Philadelphia; September 7th. 1804.
Considerations paramount to all others, the love of my country, and a sense of personal honour, which no change of fortune or circumstance can ever efface or diminish, have decided me, on the present occasion, to address you.
The accompanying document refers to the most interesting objects that can engage my attention—and, for the moment, these objects banish every other remembrance.
Mr. Yrujo’s official character precludes the only reparation I would consent to receive for this attempt against my honour. It is for you, Sir, to determine what satisfaction is due to our Country and its government—
I shall wait the time necessary to learn your decision before I give further publicity to this transaction.
I am Sir, Your most obedient Servant
P.S. I regret the necessity of stating that the original of this letter—and the document was dropped this afternoon in the street—That copy of the document was sworn to before Chief Justice Shippen—But as he is gone to his Country seat, and will not return until tomorrow—and as I am unwilling to lose a post, especially as the packet has not yet been recovered, I have sworn to the statement before Mr. Inskeep, one of the aldermen of the City.
DLC: Papers of Thomas Jefferson.
On Thursday Sept. 6th. 1804 about noon, a note of which the following is a transcript was left at my office, as my Clerk informed me by a person who lives with Mr. Francis Breuil, Merchant in Philadelphia.
“The Marquis de Casa Yrujo presents his compls. to Major Jackson, and would be very happy to know from him and where he could have the pleasure to see him in the course of this day.
Never having before received any communication from Mr. Yrujo—never having even exchanged one word of conversation with him in my life—I was not a little surprized at receiving this message, which I answered by a note to the following purport.
“Major Jackson presents his compliments to the Marquis de Casa Yrujo—In reply to his note of this morning, just now received, Major Jackson will be at his office, until 2 o’clock—and at his house, in Chesnut street next to Genl. Dickinsons until four o’clock, at either of which places he will see the Marquis de Casa Yrujo—or, if more convenient, he will wait on him.
Thursday Septr. 6th.”
This note was sent by Mr. Johnson, my Clerk, and left at Governor McKeans—Mr. Breuil called on me soon after, and said that the Marquis de Casa Yrujo would be glad to see me at the Marquis’s House at 5 o’clock. I asked Mr. Breuil if he knew on what business Mr. Yrujo wanted to see me—he said he did not know. I went at 5 o’clock to Mr. Yrujo’s house, and on entering the room was accosted by him in nearly the following words.
“You will be surprized Major Jackson at the liberty I have taken in sending for you—but I trust an explanation of the motive will excuse me.
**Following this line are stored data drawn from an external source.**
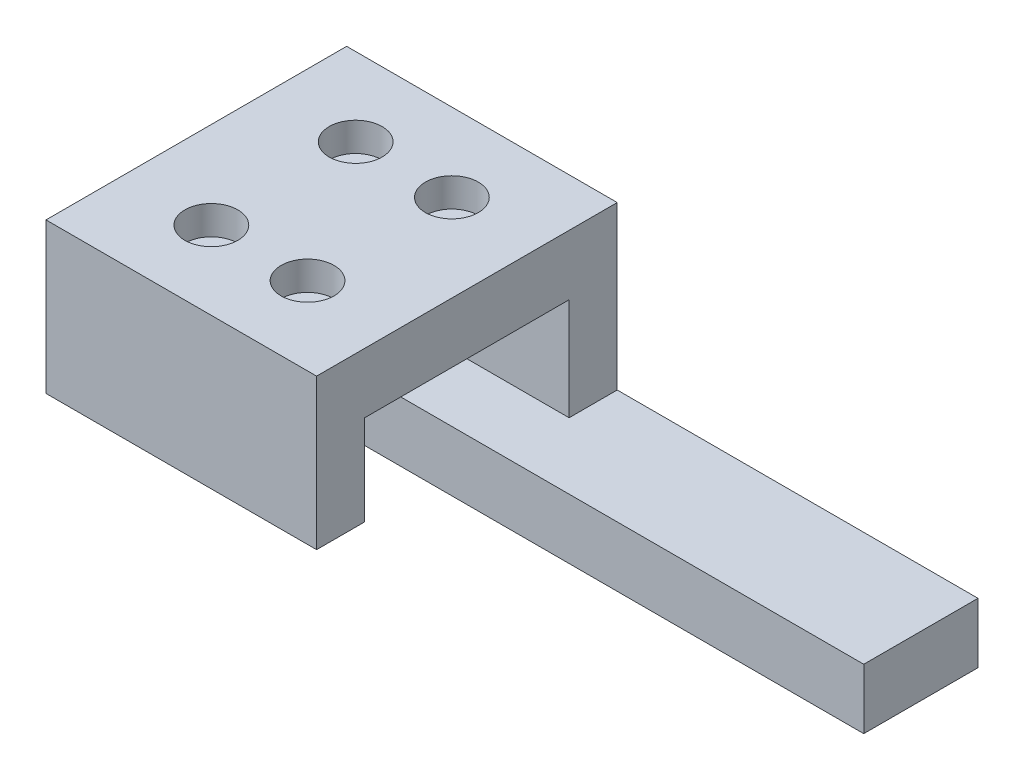
ISO-10303-21;
HEADER;
FILE_DESCRIPTION(('STEP AP214'),'2;1');
FILE_NAME('part.step','',(''),(''),'','','');
FILE_SCHEMA(('AUTOMOTIVE_DESIGN { 1 0 10303 214 1 1 1 1 }'));
ENDSEC;
DATA;
#1=APPLICATION_CONTEXT('core data for automotive mechanical design processes');
#2=APPLICATION_PROTOCOL_DEFINITION('international standard','automotive_design',2000,#1);
#3=PRODUCT_CONTEXT('',#1,'mechanical');
#4=PRODUCT('Part','Part','',(#3));
#5=PRODUCT_RELATED_PRODUCT_CATEGORY('part','',(#4));
#6=PRODUCT_DEFINITION_FORMATION('','',#4);
#7=PRODUCT_DEFINITION_CONTEXT('part definition',#1,'design');
#8=PRODUCT_DEFINITION('design','',#6,#7);
#9=PRODUCT_DEFINITION_SHAPE('','',#8);
#10=(LENGTH_UNIT() NAMED_UNIT(*) SI_UNIT(.MILLI.,.METRE.));
#11=(NAMED_UNIT(*) PLANE_ANGLE_UNIT() SI_UNIT($,.RADIAN.));
#12=(NAMED_UNIT(*) SI_UNIT($,.STERADIAN.) SOLID_ANGLE_UNIT());
#13=UNCERTAINTY_MEASURE_WITH_UNIT(LENGTH_MEASURE(1.E-05),#10,'distance_accuracy_value','');
#14=(GEOMETRIC_REPRESENTATION_CONTEXT(3) GLOBAL_UNCERTAINTY_ASSIGNED_CONTEXT((#13)) GLOBAL_UNIT_ASSIGNED_CONTEXT((#10,
#11,#12)) REPRESENTATION_CONTEXT('',''));
#15=CARTESIAN_POINT('',(0.,0.,0.));
#16=DIRECTION('',(0.,0.,1.));
#17=DIRECTION('',(1.,0.,0.));
#18=AXIS2_PLACEMENT_3D('',#15,#16,#17);
#19=CARTESIAN_POINT('',(0.,0.,0.));
#20=DIRECTION('',(0.,1.,0.));
#21=DIRECTION('',(0.,0.,1.));
#22=AXIS2_PLACEMENT_3D('',#19,#20,#21);
#23=PLANE('',#22);
#24=CARTESIAN_POINT('',(-4.,0.,6.));
#25=DIRECTION('',(0.,1.,0.));
#26=DIRECTION('',(0.,0.,1.));
#27=AXIS2_PLACEMENT_3D('',#24,#25,#26);
#28=CIRCLE('',#27,1.2);
#29=CARTESIAN_POINT('',(-4.,0.,7.2));
#30=VERTEX_POINT('',#29);
#31=EDGE_CURVE('E195',#30,#30,#28,.T.);
#32=ORIENTED_EDGE('',*,*,#31,.T.);
#33=EDGE_LOOP('',(#32));
#34=FACE_BOUND('',#33,.T.);
#35=CARTESIAN_POINT('',(4.,0.,6.));
#36=DIRECTION('',(0.,1.,0.));
#37=DIRECTION('',(0.,0.,1.));
#38=AXIS2_PLACEMENT_3D('',#35,#36,#37);
#39=CIRCLE('',#38,1.2);
#40=CARTESIAN_POINT('',(4.,0.,7.2));
#41=VERTEX_POINT('',#40);
#42=EDGE_CURVE('E199',#41,#41,#39,.T.);
#43=ORIENTED_EDGE('',*,*,#42,.T.);
#44=EDGE_LOOP('',(#43));
#45=FACE_BOUND('',#44,.T.);
#46=CARTESIAN_POINT('',(-4.,0.,-6.));
#47=DIRECTION('',(0.,1.,0.));
#48=DIRECTION('',(0.,0.,1.));
#49=AXIS2_PLACEMENT_3D('',#46,#47,#48);
#50=CIRCLE('',#49,1.2);
#51=CARTESIAN_POINT('',(-4.,0.,-4.8));
#52=VERTEX_POINT('',#51);
#53=EDGE_CURVE('E203',#52,#52,#50,.T.);
#54=ORIENTED_EDGE('',*,*,#53,.T.);
#55=EDGE_LOOP('',(#54));
#56=FACE_BOUND('',#55,.T.);
#57=CARTESIAN_POINT('',(4.,0.,-6.));
#58=DIRECTION('',(0.,1.,0.));
#59=DIRECTION('',(0.,0.,1.));
#60=AXIS2_PLACEMENT_3D('',#57,#58,#59);
#61=CIRCLE('',#60,1.2);
#62=CARTESIAN_POINT('',(4.,0.,-4.8));
#63=VERTEX_POINT('',#62);
#64=EDGE_CURVE('E73',#63,#63,#61,.T.);
#65=ORIENTED_EDGE('',*,*,#64,.T.);
#66=EDGE_LOOP('',(#65));
#67=FACE_BOUND('',#66,.T.);
#68=DIRECTION('',(1.,0.,0.));
#69=VECTOR('',#68,1.);
#70=CARTESIAN_POINT('',(0.,0.,8.5));
#71=LINE('',#70,#69);
#72=CARTESIAN_POINT('',(-11.25,0.,8.5));
#73=VERTEX_POINT('',#72);
#74=CARTESIAN_POINT('',(11.25,0.,8.5));
#75=VERTEX_POINT('',#74);
#76=EDGE_CURVE('E164',#73,#75,#71,.T.);
#77=ORIENTED_EDGE('',*,*,#76,.F.);
#78=DIRECTION('',(0.,0.,-1.));
#79=VECTOR('',#78,1.);
#80=CARTESIAN_POINT('',(-11.25,0.,8.5));
#81=LINE('',#80,#79);
#82=CARTESIAN_POINT('',(-11.25,0.,-8.5));
#83=VERTEX_POINT('',#82);
#84=EDGE_CURVE('E175',#73,#83,#81,.T.);
#85=ORIENTED_EDGE('',*,*,#84,.T.);
#86=DIRECTION('',(1.,0.,0.));
#87=VECTOR('',#86,1.);
#88=CARTESIAN_POINT('',(0.,0.,-8.5));
#89=LINE('',#88,#87);
#90=CARTESIAN_POINT('',(11.25,0.,-8.5));
#91=VERTEX_POINT('',#90);
#92=EDGE_CURVE('E174',#83,#91,#89,.T.);
#93=ORIENTED_EDGE('',*,*,#92,.T.);
#94=DIRECTION('',(0.,0.,-1.));
#95=VECTOR('',#94,1.);
#96=CARTESIAN_POINT('',(11.25,0.,8.5));
#97=LINE('',#96,#95);
#98=EDGE_CURVE('E158',#75,#91,#97,.T.);
#99=ORIENTED_EDGE('',*,*,#98,.F.);
#100=EDGE_LOOP('',(#77,#85,#93,#99));
#101=FACE_BOUND('',#100,.T.);
#102=ADVANCED_FACE('F69',(#34,#45,#56,#67,#101),#23,.F.);
#103=CARTESIAN_POINT('',(11.25,5.,8.5));
#104=DIRECTION('',(-1.,0.,0.));
#105=DIRECTION('',(0.,0.,1.));
#106=AXIS2_PLACEMENT_3D('',#103,#104,#105);
#107=PLANE('',#106);
#108=DIRECTION('',(0.,1.,0.));
#109=VECTOR('',#108,1.);
#110=CARTESIAN_POINT('',(11.25,-13.5,-8.5));
#111=LINE('',#110,#109);
#112=CARTESIAN_POINT('',(11.25,-8.5,-8.5));
#113=VERTEX_POINT('',#112);
#114=EDGE_CURVE('E238',#113,#91,#111,.T.);
#115=ORIENTED_EDGE('',*,*,#114,.F.);
#116=DIRECTION('',(0.,0.,1.));
#117=VECTOR('',#116,1.);
#118=CARTESIAN_POINT('',(11.25,-8.5,0.));
#119=LINE('',#118,#117);
#120=CARTESIAN_POINT('',(11.25,-8.5,-12.5));
#121=VERTEX_POINT('',#120);
#122=EDGE_CURVE('E86',#121,#113,#119,.T.);
#123=ORIENTED_EDGE('',*,*,#122,.F.);
#124=DIRECTION('',(0.,-1.,0.));
#125=VECTOR('',#124,1.);
#126=CARTESIAN_POINT('',(11.25,5.,-12.5));
#127=LINE('',#126,#125);
#128=CARTESIAN_POINT('',(11.25,5.,-12.5));
#129=VERTEX_POINT('',#128);
#130=EDGE_CURVE('E189',#129,#121,#127,.T.);
#131=ORIENTED_EDGE('',*,*,#130,.F.);
#132=DIRECTION('',(0.,0.,-1.));
#133=VECTOR('',#132,1.);
#134=CARTESIAN_POINT('',(11.25,5.,8.5));
#135=LINE('',#134,#133);
#136=CARTESIAN_POINT('',(11.25,5.,12.5));
#137=VERTEX_POINT('',#136);
#138=EDGE_CURVE('E78',#137,#129,#135,.T.);
#139=ORIENTED_EDGE('',*,*,#138,.F.);
#140=DIRECTION('',(0.,-1.,0.));
#141=VECTOR('',#140,1.);
#142=CARTESIAN_POINT('',(11.25,5.,12.5));
#143=LINE('',#142,#141);
#144=CARTESIAN_POINT('',(11.25,-7.5,12.5));
#145=VERTEX_POINT('',#144);
#146=EDGE_CURVE('E192',#137,#145,#143,.T.);
#147=ORIENTED_EDGE('',*,*,#146,.T.);
#148=DIRECTION('',(0.,0.,1.));
#149=VECTOR('',#148,1.);
#150=CARTESIAN_POINT('',(11.25,-7.5,0.));
#151=LINE('',#150,#149);
#152=CARTESIAN_POINT('',(11.25,-7.5,8.5));
#153=VERTEX_POINT('',#152);
#154=EDGE_CURVE('E160',#153,#145,#151,.T.);
#155=ORIENTED_EDGE('',*,*,#154,.F.);
#156=DIRECTION('',(0.,1.,0.));
#157=VECTOR('',#156,1.);
#158=CARTESIAN_POINT('',(11.25,-31.3527897640529,8.5));
#159=LINE('',#158,#157);
#160=EDGE_CURVE('E154',#153,#75,#159,.T.);
#161=ORIENTED_EDGE('',*,*,#160,.T.);
#162=ORIENTED_EDGE('',*,*,#98,.T.);
#163=EDGE_LOOP('',(#115,#123,#131,#139,#147,#155,#161,#162));
#164=FACE_BOUND('',#163,.T.);
#165=ADVANCED_FACE('F156',(#164),#107,.F.);
#166=CARTESIAN_POINT('',(-11.25,5.,8.5));
#167=DIRECTION('',(-1.,0.,0.));
#168=DIRECTION('',(0.,0.,1.));
#169=AXIS2_PLACEMENT_3D('',#166,#167,#168);
#170=PLANE('',#169);
#171=ORIENTED_EDGE('',*,*,#84,.F.);
#172=DIRECTION('',(0.,1.,0.));
#173=VECTOR('',#172,1.);
#174=CARTESIAN_POINT('',(-11.25,-31.3527897640529,8.5));
#175=LINE('',#174,#173);
#176=CARTESIAN_POINT('',(-11.25,-7.5,8.5));
#177=VERTEX_POINT('',#176);
#178=EDGE_CURVE('E163',#177,#73,#175,.T.);
#179=ORIENTED_EDGE('',*,*,#178,.F.);
#180=DIRECTION('',(0.,0.,1.));
#181=VECTOR('',#180,1.);
#182=CARTESIAN_POINT('',(-11.25,-7.5,0.));
#183=LINE('',#182,#181);
#184=CARTESIAN_POINT('',(-11.25,-7.5,12.5));
#185=VERTEX_POINT('',#184);
#186=EDGE_CURVE('E349',#177,#185,#183,.T.);
#187=ORIENTED_EDGE('',*,*,#186,.T.);
#188=DIRECTION('',(0.,-1.,0.));
#189=VECTOR('',#188,1.);
#190=CARTESIAN_POINT('',(-11.25,5.,12.5));
#191=LINE('',#190,#189);
#192=CARTESIAN_POINT('',(-11.25,5.,12.5));
#193=VERTEX_POINT('',#192);
#194=EDGE_CURVE('E179',#193,#185,#191,.T.);
#195=ORIENTED_EDGE('',*,*,#194,.F.);
#196=DIRECTION('',(0.,0.,-1.));
#197=VECTOR('',#196,1.);
#198=CARTESIAN_POINT('',(-11.25,5.,8.5));
#199=LINE('',#198,#197);
#200=CARTESIAN_POINT('',(-11.25,5.,-12.5));
#201=VERTEX_POINT('',#200);
#202=EDGE_CURVE('E14',#193,#201,#199,.T.);
#203=ORIENTED_EDGE('',*,*,#202,.T.);
#204=DIRECTION('',(0.,-1.,0.));
#205=VECTOR('',#204,1.);
#206=CARTESIAN_POINT('',(-11.25,5.,-12.5));
#207=LINE('',#206,#205);
#208=CARTESIAN_POINT('',(-11.25,-13.5,-12.5));
#209=VERTEX_POINT('',#208);
#210=EDGE_CURVE('E176',#201,#209,#207,.T.);
#211=ORIENTED_EDGE('',*,*,#210,.T.);
#212=DIRECTION('',(0.,0.,-1.));
#213=VECTOR('',#212,1.);
#214=CARTESIAN_POINT('',(-11.25,-13.5,0.));
#215=LINE('',#214,#213);
#216=CARTESIAN_POINT('',(-11.25,-13.5,-3.));
#217=VERTEX_POINT('',#216);
#218=EDGE_CURVE('E235',#217,#209,#215,.T.);
#219=ORIENTED_EDGE('',*,*,#218,.F.);
#220=DIRECTION('',(0.,-1.,0.));
#221=VECTOR('',#220,1.);
#222=CARTESIAN_POINT('',(-11.25,53.352600686377,-3.));
#223=LINE('',#222,#221);
#224=CARTESIAN_POINT('',(-11.25,-8.5,-3.));
#225=VERTEX_POINT('',#224);
#226=EDGE_CURVE('E269',#225,#217,#223,.T.);
#227=ORIENTED_EDGE('',*,*,#226,.F.);
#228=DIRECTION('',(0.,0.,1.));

I consider you, Sir, as a Gentleman, a Man of letters, and a Man of honor—By a political intolerance you have been forced to adopt a different profession from what you have heretofore pursued—but it is one in which, you are qualified to be very useful.
“I observe by certain opinions expressed in your paper that you consider the present administration (for I will not call them government—) as disinclined to go to war with Spain—In this, however, you are mistaken—The reverse is the case or fact—and they only wish the federal papers to utter those opinions, that they may have an argument of that sort for indulging their wish to go to war with my country; which would certainly be very injurious to yours—For if the King, my Master, was to order three ships of the line and six frigates to the Mississippi—and three ships of the line and six frigates to Chesapeake, and three ships of the line and six frigates to Sandy Hook—what could you do? But you have it in your power to do much good by espousing the part of peace which is so necessary to both nations—and if you will consent to take elucidations from me on the subject, I will furnish them—and I will make you any acknowledgment.”—Perceiving at this moment his infamous purpose, I with difficulty stifled the emotions, which it excited and restrained my indignation. He went on to examine in detail the several points in dispute between Spain and the United States—and, as I wished to learn his opinions respecting them I suffered him to proceed. Among other observations he said “that if Mr. Pinckney had acted by instructions from the administration—or if his conduct should be approved by them war was inevitable—but he had no doubt war was the wish of our administration—for he had received a letter from New Orleans dated on the 25th of April last, which stated that there was a letter at that place in Mr. Jefferson’s hand writing dated in March last, which declared that if the settlers between the Mississippi and the Rio Perdido would raise the American colours they should be supported.” He continued his observations, and pressed me to give him an answer, assuring me “that this was no diplomatic management—but an epanchement (unbosoming) of himself to me as a man of honor—and he trusted I would so consider it.” I then quitted the room—he went with me to the street door, and again asked me when I would give him an answer—With difficulty I suppressed the indignation of my feelings, and left the house.
City of Phild. [Ls]—
Majr. William Jackson on his solemn oath saith that the within statements of facts are just & true—
Sworn & subscribd before me this 7th. Sepr. 1804
one of the aldermen of the City afd.